Social Work Students Bring College Dreams to At-Risk Youth

Posted: March 29, 2010 at 1:03 am, Last Updated: March 26, 2010 at 2:24 pm

By Leah Kerkman Fogarty

Social work professor Molly Davis.

Born from a class discussion in SOCW 475 Selected Topics in Social Work Policy, the College Dream Tour is a student-run project to instill college aspirations in at-risk youth.

Molly Davis, associate professor in the Social Work Department and undergraduate director of field education, helped students in the class plan the event for 75 local youth last spring.

Because of the project’s overwhelming success, two sections of the special topics course are working on the project this year and will hold another tour on May 1. Davis expects the tour will bring in even more tweens and teens — about 125.

Davis says that children who have little or no exposure to college settings won’t know how to go about applying to and attending college when the time comes.

“We realized that we were planting the idea of going to college,” says Davis. “Without aspirations, children are not purposeful in doing what is necessary to be prepared to go to college.”

Davis and her class targeted youth ages 11 to 14. Because the social work students were looking to influence at-risk children, they contacted social workers who work with this population, as well as mentors and foster parents.

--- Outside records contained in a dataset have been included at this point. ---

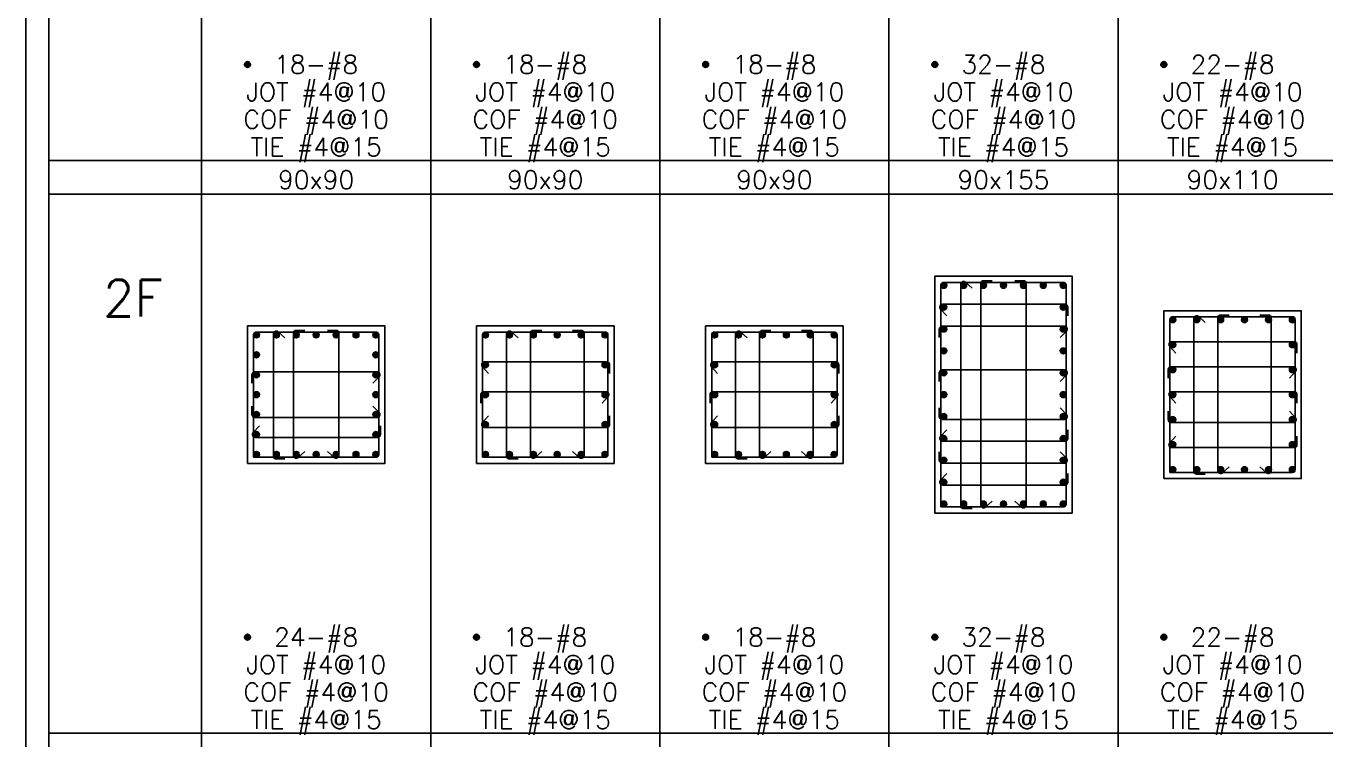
# Model space of a CAD drawing. Header units: millimetres. Extents: x 0 to 31920, y -6088 to 2522.
# Drawn here: x 0 to 851, y 1246 to 1713 of the extents above; entities that cross this region are included whole.
import ezdxf
from ezdxf.enums import TextEntityAlignment as Align

# ---------------------------------------------------------------- set-up
doc = ezdxf.new("R2010")
doc.units = ezdxf.units.MM
doc.header["$MEASUREMENT"] = 0
for name, color, linetype in [('DwFm', 7, 'Continuous'), ('S-RC', 130, 'Continuous'), ('S-REINF', 6, 'Continuous'), ('S-REINFD', 201, 'Continuous'), ('S-STUD', 1, 'Continuous'), ('S-TEXT', 2, 'Continuous')]:
    doc.layers.add(name, color=color, linetype=linetype)
doc.styles.add('CS4', font='romans.shx', dxfattribs={"width": 0.8, "bigfont": 'lsp.shx'})

# ---------------------------------------------------------------- blocks, each defined once
blk = doc.blocks.new('繪圖範圍')
blk.add_lwpolyline([(0, 51.1), (79.8, 51.1), (79.8, 0), (0, 0)], close=True)

msp = doc.modelspace()

# ---------------------------------------------------------------- hatches: boundary and pattern name
at = {"layer": 'S-REINFD'}
h = msp.add_hatch(color=256, dxfattribs=at)
edge = h.paths.add_edge_path()
edge.add_arc((145, 1688), 1.91, 0, 360)
h = msp.add_hatch(color=256, dxfattribs=at)
edge = h.paths.add_edge_path()
edge.add_arc((295, 1688), 1.91, 0, 360)
h = msp.add_hatch(color=256, dxfattribs=at)
edge = h.paths.add_edge_path()
edge.add_arc((445, 1688), 1.91, 0, 360)
h = msp.add_hatch(color=256, dxfattribs=at)
edge = h.paths.add_edge_path()
edge.add_arc((595, 1688), 1.91, 0, 360)
h = msp.add_hatch(color=256, dxfattribs=at)
edge = h.paths.add_edge_path()
edge.add_arc((745, 1688), 1.91, 0, 360)
h = msp.add_hatch(color=256, dxfattribs=at)
edge = h.paths.add_edge_path()
edge.add_arc((600.9, 1543.35), 1.91, 0, 360)
h = msp.add_hatch(color=256, dxfattribs=at)
edge = h.paths.add_edge_path()
edge.add_arc((613.94, 1543.35), 1.91, 0, 360)
h = msp.add_hatch(color=256, dxfattribs=at)
edge = h.paths.add_edge_path()
edge.add_arc((626.97, 1543.35), 1.91, 0, 360)
h = msp.add_hatch(color=256, dxfattribs=at)
edge = h.paths.add_edge_path()
edge.add_arc((640, 1543.35), 1.91, 0, 360)
h = msp.add_hatch(color=256, dxfattribs=at)
edge = h.paths.add_edge_path()
edge.add_arc((653.03, 1543.35), 1.91, 0, 360)
h = msp.add_hatch(color=256, dxfattribs=at)
edge = h.paths.add_edge_path()
edge.add_arc((666.06, 1543.35), 1.91, 0, 360)
h = msp.add_hatch(color=256, dxfattribs=at)
edge = h.paths.add_edge_path()
edge.add_arc((679.1, 1543.35), 1.91, 0, 360)
h = msp.add_hatch(color=256, dxfattribs=at)
edge = h.paths.add_edge_path()
edge.add_arc((600.9, 1529.03), 1.91, 0, 360)
h = msp.add_hatch(color=256, dxfattribs=at)
edge = h.paths.add_edge_path()
edge.add_arc((679.1, 1529.03), 1.91, 0, 360)
h = msp.add_hatch(color=256, dxfattribs=at)
edge = h.paths.add_edge_path()
edge.add_arc((750.9, 1520.85), 1.91, 0, 360)
h = msp.add_hatch(color=256, dxfattribs=at)
edge = h.paths.add_edge_path()
edge.add_arc((766.54, 1520.85), 1.91, 0, 360)
h = msp.add_hatch(color=256, dxfattribs=at)
edge = h.paths.add_edge_path()
edge.add_arc((782.18, 1520.85), 1.91, 0, 360)
h = msp.add_hatch(color=256, dxfattribs=at)
edge = h.paths.add_edge_path()
edge.add_arc((797.82, 1520.85), 1.91, 0, 360)
h = msp.add_hatch(color=256, dxfattribs=at)
edge = h.paths.add_edge_path()
edge.add_arc((813.46, 1520.85), 1.91, 0, 360)
h = msp.add_hatch(color=256, dxfattribs=at)
edge = h.paths.add_edge_path()
edge.add_arc((829.1, 1520.85), 1.91, 0, 360)
h = msp.add_hatch(color=256, dxfattribs=at)
edge = h.paths.add_edge_path()
edge.add_arc((600.9, 1514.71), 1.91, 0, 360)
h = msp.add_hatch(color=256, dxfattribs=at)
edge = h.paths.add_edge_path()
edge.add_arc((679.1, 1514.71), 1.91, 0, 360)
h = msp.add_hatch(color=256, dxfattribs=at)
edge = h.paths.add_edge_path()
edge.add_arc((150.91, 1510.85), 1.91, 0, 360)
h = msp.add_hatch(color=256, dxfattribs=at)
edge = h.paths.add_edge_path()
edge.add_arc((163.94, 1510.85), 1.91, 0, 360)
h = msp.add_hatch(color=256, dxfattribs=at)
edge = h.paths.add_edge_path()
edge.add_arc((176.97, 1510.85), 1.91, 0, 360)
h = msp.add_hatch(color=256, dxfattribs=at)
edge = h.paths.add_edge_path()
edge.add_arc((190, 1510.85), 1.91, 0, 360)
h = msp.add_hatch(color=256, dxfattribs=at)
edge = h.paths.add_edge_path()
edge.add_arc((203.03, 1510.85), 1.91, 0, 360)
h = msp.add_hatch(color=256, dxfattribs=at)
edge = h.paths.add_edge_path()
edge.add_arc((216.06, 1510.85), 1.91, 0, 360)
h = msp.add_hatch(color=256, dxfattribs=at)
edge = h.paths.add_edge_path()
edge.add_arc((229.09, 1510.85), 1.91, 0, 360)
h = msp.add_hatch(color=256, dxfattribs=at)
edge = h.paths.add_edge_path()
edge.add_arc((300.9, 1510.85), 1.91, 0, 360)
h = msp.add_hatch(color=256, dxfattribs=at)
edge = h.paths.add_edge_path()
edge.add_arc((316.54, 1510.85), 1.91, 0, 360)
h = msp.add_hatch(color=256, dxfattribs=at)
edge = h.paths.add_edge_path()
edge.add_arc((332.18, 1510.85), 1.91, 0, 360)
h = msp.add_hatch(color=256, dxfattribs=at)
edge = h.paths.add_edge_path()
edge.add_arc((347.82, 1510.85), 1.91, 0, 360)
h = msp.add_hatch(color=256, dxfattribs=at)
edge = h.paths.add_edge_path()
edge.add_arc((363.46, 1510.85), 1.91, 0, 360)
h = msp.add_hatch(color=256, dxfattribs=at)
edge = h.paths.add_edge_path()
edge.add_arc((379.1, 1510.85), 1.91, 0, 360)
h = msp.add_hatch(color=256, dxfattribs=at)
edge = h.paths.add_edge_path()
edge.add_arc((450.9, 1510.85), 1.91, 0, 360)
h = msp.add_hatch(color=256, dxfattribs=at)
edge = h.paths.add_edge_path()
edge.add_arc((466.54, 1510.85), 1.91, 0, 360)
h = msp.add_hatch(color=256, dxfattribs=at)
edge = h.paths.add_edge_path()
edge.add_arc((482.18, 1510.85), 1.91, 0, 360)
h = msp.add_hatch(color=256, dxfattribs=at)
edge = h.paths.add_edge_path()
edge.add_arc((497.82, 1510.85), 1.91, 0, 360)
h = msp.add_hatch(color=256, dxfattribs=at)
edge = h.paths.add_edge_path()
edge.add_arc((513.46, 1510.85), 1.91, 0, 360)
h = msp.add_hatch(color=256, dxfattribs=at)
edge = h.paths.add_edge_path()
edge.add_arc((529.1, 1510.85), 1.91, 0, 360)
h = msp.add_hatch(color=256, dxfattribs=at)
edge = h.paths.add_edge_path()
edge.add_arc((750.9, 1504.48), 1.91, 0, 360)
h = msp.add_hatch(color=256, dxfattribs=at)
edge = h.paths.add_edge_path()
edge.add_arc((829.1, 1504.48), 1.91, 0, 360)
h = msp.add_hatch(color=256, dxfattribs=at)
edge = h.paths.add_edge_path()
edge.add_arc((150.91, 1497.81), 1.91, 0, 360)
h = msp.add_hatch(color=256, dxfattribs=at)
edge = h.paths.add_edge_path()
edge.add_arc((229.09, 1497.81), 1.91, 0, 360)
h = msp.add_hatch(color=256, dxfattribs=at)
edge = h.paths.add_edge_path()
edge.add_arc((600.9, 1500.39), 1.91, 0, 360)
h = msp.add_hatch(color=256, dxfattribs=at)
edge = h.paths.add_edge_path()
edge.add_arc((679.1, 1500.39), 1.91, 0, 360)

“Social work students planned the marketing of the event, established a tour to expose children to highlights of college life, developed teams for the tours and designed a T-shirt for the event and decorations for the room,” explains Davis.

Social work students led the College Dream Tour last spring for youth ages 11 to 14.

During the event, children and their mentors enjoyed a pizza dinner and a tour of Mason’s Fairfax Campus, which included stops in the library, the Johnson Center, a classroom, a computer lab, a dining hall and a residence hall room. Along the way, students oriented the children to what college life was like.

Both the children attending the tour and their adult mentors enjoyed the event. One mentor replied in an online survey, “The little girl I brought said on the way home in the car, ‘I think I will go to college.’ That is a success!”

“These are the children who are told most often that they should not even consider going to college,” says Davis.

“We believe this event to have been life-changing for participants,” she concludes.

This year’s tour, with the theme of “Step to Success,” will have some new and different elements, with plans for an exhibition step show for the students to attend.

“I have been inundated with e-mails from people who have kids who definitely want to participate [this year],” Davis says. “We are very excited.”